Exercise objective.
Reproduce, character for character, the lines below from the first through the one with "#5=PRODUCT_RELATED_PRODUCT_CATEGORY('part','',(#4));". Leave pictures out.
[Input data — start]
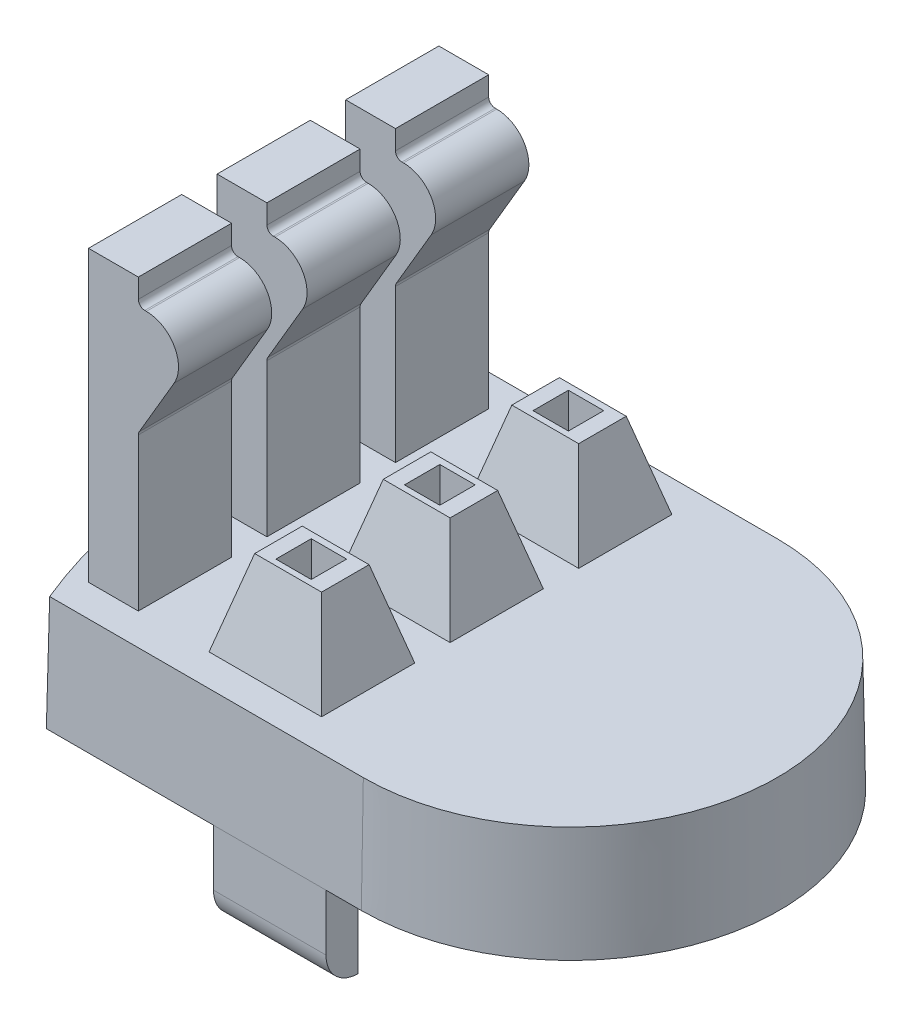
ISO-10303-21;
HEADER;
FILE_DESCRIPTION(('STEP AP214'),'2;1');
FILE_NAME('part.step','',(''),(''),'','','');
FILE_SCHEMA(('AUTOMOTIVE_DESIGN { 1 0 10303 214 1 1 1 1 }'));
ENDSEC;
DATA;
#1=APPLICATION_CONTEXT('core data for automotive mechanical design processes');
#2=APPLICATION_PROTOCOL_DEFINITION('international standard','automotive_design',2000,#1);
#3=PRODUCT_CONTEXT('',#1,'mechanical');
#4=PRODUCT('Part','Part','',(#3));
#5=PRODUCT_RELATED_PRODUCT_CATEGORY('part','',(#4));
#6=PRODUCT_DEFINITION_FORMATION('','',#4);
#7=PRODUCT_DEFINITION_CONTEXT('part definition',#1,'design');
#8=PRODUCT_DEFINITION('design','',#6,#7);
#9=PRODUCT_DEFINITION_SHAPE('','',#8);
#10=(LENGTH_UNIT() NAMED_UNIT(*) SI_UNIT(.MILLI.,.METRE.));
#11=(NAMED_UNIT(*) PLANE_ANGLE_UNIT() SI_UNIT($,.RADIAN.));
#12=(NAMED_UNIT(*) SI_UNIT($,.STERADIAN.) SOLID_ANGLE_UNIT());
#13=UNCERTAINTY_MEASURE_WITH_UNIT(LENGTH_MEASURE(1.E-05),#10,'distance_accuracy_value','');
#14=(GEOMETRIC_REPRESENTATION_CONTEXT(3) GLOBAL_UNCERTAINTY_ASSIGNED_CONTEXT((#13)) GLOBAL_UNIT_ASSIGNED_CONTEXT((#10,
#11,#12)) REPRESENTATION_CONTEXT('',''));
#15=CARTESIAN_POINT('',(0.,0.,0.));
#16=DIRECTION('',(0.,0.,1.));
#17=DIRECTION('',(1.,0.,0.));
#18=AXIS2_PLACEMENT_3D('',#15,#16,#17);
#19=CARTESIAN_POINT('',(0.,0.,0.));
#20=DIRECTION('',(0.,1.,0.));
#21=DIRECTION('',(0.,0.,1.));
#22=AXIS2_PLACEMENT_3D('',#19,#20,#21);
#23=PLANE('',#22);
#24=DIRECTION('',(1.,0.,0.));
#25=VECTOR('',#24,1.);
#26=CARTESIAN_POINT('',(0.,0.,-5.49984767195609));
#27=LINE('',#26,#25);
#28=CARTESIAN_POINT('',(0.,0.,-5.49984767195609));
#29=VERTEX_POINT('',#28);
#30=CARTESIAN_POINT('',(-7.41663626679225,0.,-5.49984767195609));
#31=VERTEX_POINT('',#30);
#32=EDGE_CURVE('E1225',#29,#31,#27,.F.);
#33=ORIENTED_EDGE('',*,*,#32,.T.);
#34=CARTESIAN_POINT('',(5.89996592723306,0.,-0.0200513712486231));
#35=DIRECTION('',(0.,1.,0.));
#36=DIRECTION('',(0.,0.,1.));
#37=AXIS2_PLACEMENT_3D('',#34,#35,#36);
#38=CIRCLE('',#37,14.4000021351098);
#39=CARTESIAN_POINT('',(-7.4000632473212,0.,5.49984767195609));
#40=VERTEX_POINT('',#39);
#41=EDGE_CURVE('E1091',#40,#31,#38,.F.);
#42=ORIENTED_EDGE('',*,*,#41,.F.);
#43=DIRECTION('',(-1.,0.,0.));
#44=VECTOR('',#43,1.);
#45=CARTESIAN_POINT('',(0.,0.,5.49984767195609));
#46=LINE('',#45,#44);
#47=CARTESIAN_POINT('',(0.,0.,5.49984767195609));
#48=VERTEX_POINT('',#47);
#49=EDGE_CURVE('E1223',#40,#48,#46,.F.);
#50=ORIENTED_EDGE('',*,*,#49,.T.);
#51=CARTESIAN_POINT('',(0.,0.,0.));
#52=DIRECTION('',(0.,1.,0.));
#53=DIRECTION('',(0.,0.,1.));
#54=AXIS2_PLACEMENT_3D('',#51,#52,#53);
#55=CIRCLE('',#54,5.49984767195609);
#56=EDGE_CURVE('E712',#48,#29,#55,.T.);
#57=ORIENTED_EDGE('',*,*,#56,.T.);
#58=EDGE_LOOP('',(#33,#42,#50,#57));
#59=FACE_BOUND('',#58,.T.);
#60=CARTESIAN_POINT('',(-9.11755184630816,0.,5.49984767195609));
#61=VERTEX_POINT('',#60);
#62=CARTESIAN_POINT('',(-8.20865761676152,0.,5.49984767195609));
#63=VERTEX_POINT('',#62);
#64=EDGE_CURVE('E705',#61,#63,#46,.F.);
#65=ORIENTED_EDGE('',*,*,#64,.T.);
#66=CARTESIAN_POINT('',(5.89996592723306,0.,-0.0200513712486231));
#67=DIRECTION('',(0.,1.,0.));
#68=DIRECTION('',(0.,0.,1.));
#69=AXIS2_PLACEMENT_3D('',#66,#67,#68);
#70=CIRCLE('',#69,15.1500014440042);
#71=CARTESIAN_POINT('',(-8.22428188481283,0.,-5.49984767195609));
#72=VERTEX_POINT('',#71);
#73=EDGE_CURVE('E1088',#72,#63,#70,.T.);
#74=ORIENTED_EDGE('',*,*,#73,.F.);
#75=CARTESIAN_POINT('',(-9.13223145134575,0.,-5.49984767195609));
#76=VERTEX_POINT('',#75);
#77=EDGE_CURVE('E1220',#72,#76,#27,.F.);
#78=ORIENTED_EDGE('',*,*,#77,.T.);
#79=CARTESIAN_POINT('',(5.89996592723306,0.,-0.0200513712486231));
#80=DIRECTION('',(0.,1.,0.));
#81=DIRECTION('',(0.,0.,1.));
#82=AXIS2_PLACEMENT_3D('',#79,#80,#81);
#83=CIRCLE('',#82,15.9998476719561);
#84=EDGE_CURVE('E1212',#76,#61,#83,.T.);
#85=ORIENTED_EDGE('',*,*,#84,.T.);
#86=EDGE_LOOP('',(#65,#74,#78,#85));
#87=FACE_BOUND('',#86,.T.);
#88=DIRECTION('',(0.,0.,1.));
#89=VECTOR('',#88,1.);
#90=CARTESIAN_POINT('',(-1.10002022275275,0.,-6.5));
#91=LINE('',#90,#89);
#92=CARTESIAN_POINT('',(-1.10002022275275,0.,-6.5));
#93=VERTEX_POINT('',#92);
#94=CARTESIAN_POINT('',(-1.10002022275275,0.,-5.5));
#95=VERTEX_POINT('',#94);
#96=EDGE_CURVE('E539',#93,#95,#91,.T.);
#97=ORIENTED_EDGE('',*,*,#96,.F.);
#98=DIRECTION('',(-1.,0.,0.));
#99=VECTOR('',#98,1.);
#100=CARTESIAN_POINT('',(0.,0.,-6.5));
#101=LINE('',#100,#99);
#102=CARTESIAN_POINT('',(0.,0.,-6.5));
#103=VERTEX_POINT('',#102);
#104=EDGE_CURVE('E1228',#103,#93,#101,.T.);
#105=ORIENTED_EDGE('',*,*,#104,.F.);
#106=CARTESIAN_POINT('',(0.,0.,0.));
#107=DIRECTION('',(0.,1.,0.));
#108=DIRECTION('',(0.,0.,1.));
#109=AXIS2_PLACEMENT_3D('',#106,#107,#108);
#110=CIRCLE('',#109,6.5);
#111=CARTESIAN_POINT('',(0.,0.,6.5));
#112=VERTEX_POINT('',#111);
#113=EDGE_CURVE('E708',#112,#103,#110,.T.);
#114=ORIENTED_EDGE('',*,*,#113,.F.);
#115=DIRECTION('',(1.,0.,0.));
#116=VECTOR('',#115,1.);
#117=CARTESIAN_POINT('',(0.,0.,6.5));
#118=LINE('',#117,#116);
#119=CARTESIAN_POINT('',(-1.10002022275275,0.,6.5));
#120=VERTEX_POINT('',#119);
#121=EDGE_CURVE('E581',#120,#112,#118,.T.);
#122=ORIENTED_EDGE('',*,*,#121,.F.);
#123=DIRECTION('',(0.,0.,1.));
#124=VECTOR('',#123,1.);
#125=CARTESIAN_POINT('',(-1.10002022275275,0.,6.5));
#126=LINE('',#125,#124);
#127=CARTESIAN_POINT('',(-1.10002022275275,0.,5.5));
#128=VERTEX_POINT('',#127);
#129=EDGE_CURVE('E541',#128,#120,#126,.T.);
#130=ORIENTED_EDGE('',*,*,#129,.F.);
#131=DIRECTION('',(1.,0.,0.));
#132=VECTOR('',#131,1.);
#133=CARTESIAN_POINT('',(-1.10002022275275,0.,5.5));
#134=LINE('',#133,#132);
#135=CARTESIAN_POINT('',(-4.60002022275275,0.,5.5));
#136=VERTEX_POINT('',#135);
#137=EDGE_CURVE('E554',#136,#128,#134,.T.);
#138=ORIENTED_EDGE('',*,*,#137,.F.);
#139=DIRECTION('',(0.,0.,-1.));
#140=VECTOR('',#139,1.);
#141=CARTESIAN_POINT('',(-4.60002022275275,0.,6.5));
#142=LINE('',#141,#140);
#143=CARTESIAN_POINT('',(-4.60002022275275,0.,6.5));
#144=VERTEX_POINT('',#143);
#145=EDGE_CURVE('E576',#144,#136,#142,.T.);
#146=ORIENTED_EDGE('',*,*,#145,.F.);
#147=CARTESIAN_POINT('',(-9.8,0.,6.5));
#148=VERTEX_POINT('',#147);
#149=EDGE_CURVE('E584',#148,#144,#118,.T.);
#150=ORIENTED_EDGE('',*,*,#149,.F.);
#151=CARTESIAN_POINT('',(5.89996592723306,0.,-0.0200513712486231));
#152=DIRECTION('',(0.,1.,0.));
#153=DIRECTION('',(0.,0.,1.));
#154=AXIS2_PLACEMENT_3D('',#151,#152,#153);
#155=CIRCLE('',#154,17.);
#156=CARTESIAN_POINT('',(-9.8165943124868,0.,-6.5));
#157=VERTEX_POINT('',#156);
#158=EDGE_CURVE('E585',#157,#148,#155,.T.);
#159=ORIENTED_EDGE('',*,*,#158,.F.);
#160=CARTESIAN_POINT('',(-4.60002022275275,0.,-6.5));
#161=VERTEX_POINT('',#160);
#162=EDGE_CURVE('E1227',#161,#157,#101,.T.);
#163=ORIENTED_EDGE('',*,*,#162,.F.);
#164=DIRECTION('',(0.,0.,-1.));
#165=VECTOR('',#164,1.);
#166=CARTESIAN_POINT('',(-4.60002022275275,0.,-6.5));
#167=LINE('',#166,#165);
#168=CARTESIAN_POINT('',(-4.60002022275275,0.,-5.5));
#169=VERTEX_POINT('',#168);
#170=EDGE_CURVE('E2218',#169,#161,#167,.T.);
#171=ORIENTED_EDGE('',*,*,#170,.F.);
#172=DIRECTION('',(-1.,0.,0.));
#173=VECTOR('',#172,1.);
#174=CARTESIAN_POINT('',(-1.10002022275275,0.,-5.5));
#175=LINE('',#174,#173);
#176=EDGE_CURVE('E2223',#95,#169,#175,.T.);
#177=ORIENTED_EDGE('',*,*,#176,.F.);
#178=EDGE_LOOP('',(#97,#105,#114,#122,#130,#138,#146,#150,#159,#163,#171,#177));
#179=FACE_BOUND('',#178,.T.);
#180=ADVANCED_FACE('F33',(#59,#87,#179),#23,.F.);
#181=CARTESIAN_POINT('',(0.,2.55,0.));
#182=DIRECTION('',(0.,1.,0.));
#183=DIRECTION('',(0.,0.,1.));
#184=AXIS2_PLACEMENT_3D('',#181,#182,#183);
#185=PLANE('',#184);
#186=CARTESIAN_POINT('',(5.89996592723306,2.55,-0.0200513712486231));
#187=DIRECTION('',(0.,1.,0.));
#188=DIRECTION('',(0.,0.,1.));
#189=AXIS2_PLACEMENT_3D('',#186,#187,#188);
#190=CIRCLE('',#189,14.4000021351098);
#191=CARTESIAN_POINT('',(-7.43486548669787,2.55,-5.45533725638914));
#192=VERTEX_POINT('',#191);
#193=CARTESIAN_POINT('',(-7.41844917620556,2.55,5.45533725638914));
#194=VERTEX_POINT('',#193);
#195=EDGE_CURVE('E525',#192,#194,#190,.T.);
#196=ORIENTED_EDGE('',*,*,#195,.F.);
#197=DIRECTION('',(1.,0.,0.));
#198=VECTOR('',#197,1.);
#199=CARTESIAN_POINT('',(0.,2.55,-5.45533725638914));
#200=LINE('',#199,#198);
#201=CARTESIAN_POINT('',(0.,2.55,-5.45533725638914));
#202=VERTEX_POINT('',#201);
[Input data — finish]
Task solution.
ISO-10303-21;
HEADER;
FILE_DESCRIPTION(('STEP AP214'),'2;1');
FILE_NAME('part.step','',(''),(''),'','','');
FILE_SCHEMA(('AUTOMOTIVE_DESIGN { 1 0 10303 214 1 1 1 1 }'));
ENDSEC;
DATA;
#1=APPLICATION_CONTEXT('core data for automotive mechanical design processes');
#2=APPLICATION_PROTOCOL_DEFINITION('international standard','automotive_design',2000,#1);
#3=PRODUCT_CONTEXT('',#1,'mechanical');
#4=PRODUCT('Part','Part','',(#3));
#5=PRODUCT_RELATED_PRODUCT_CATEGORY('part','',(#4));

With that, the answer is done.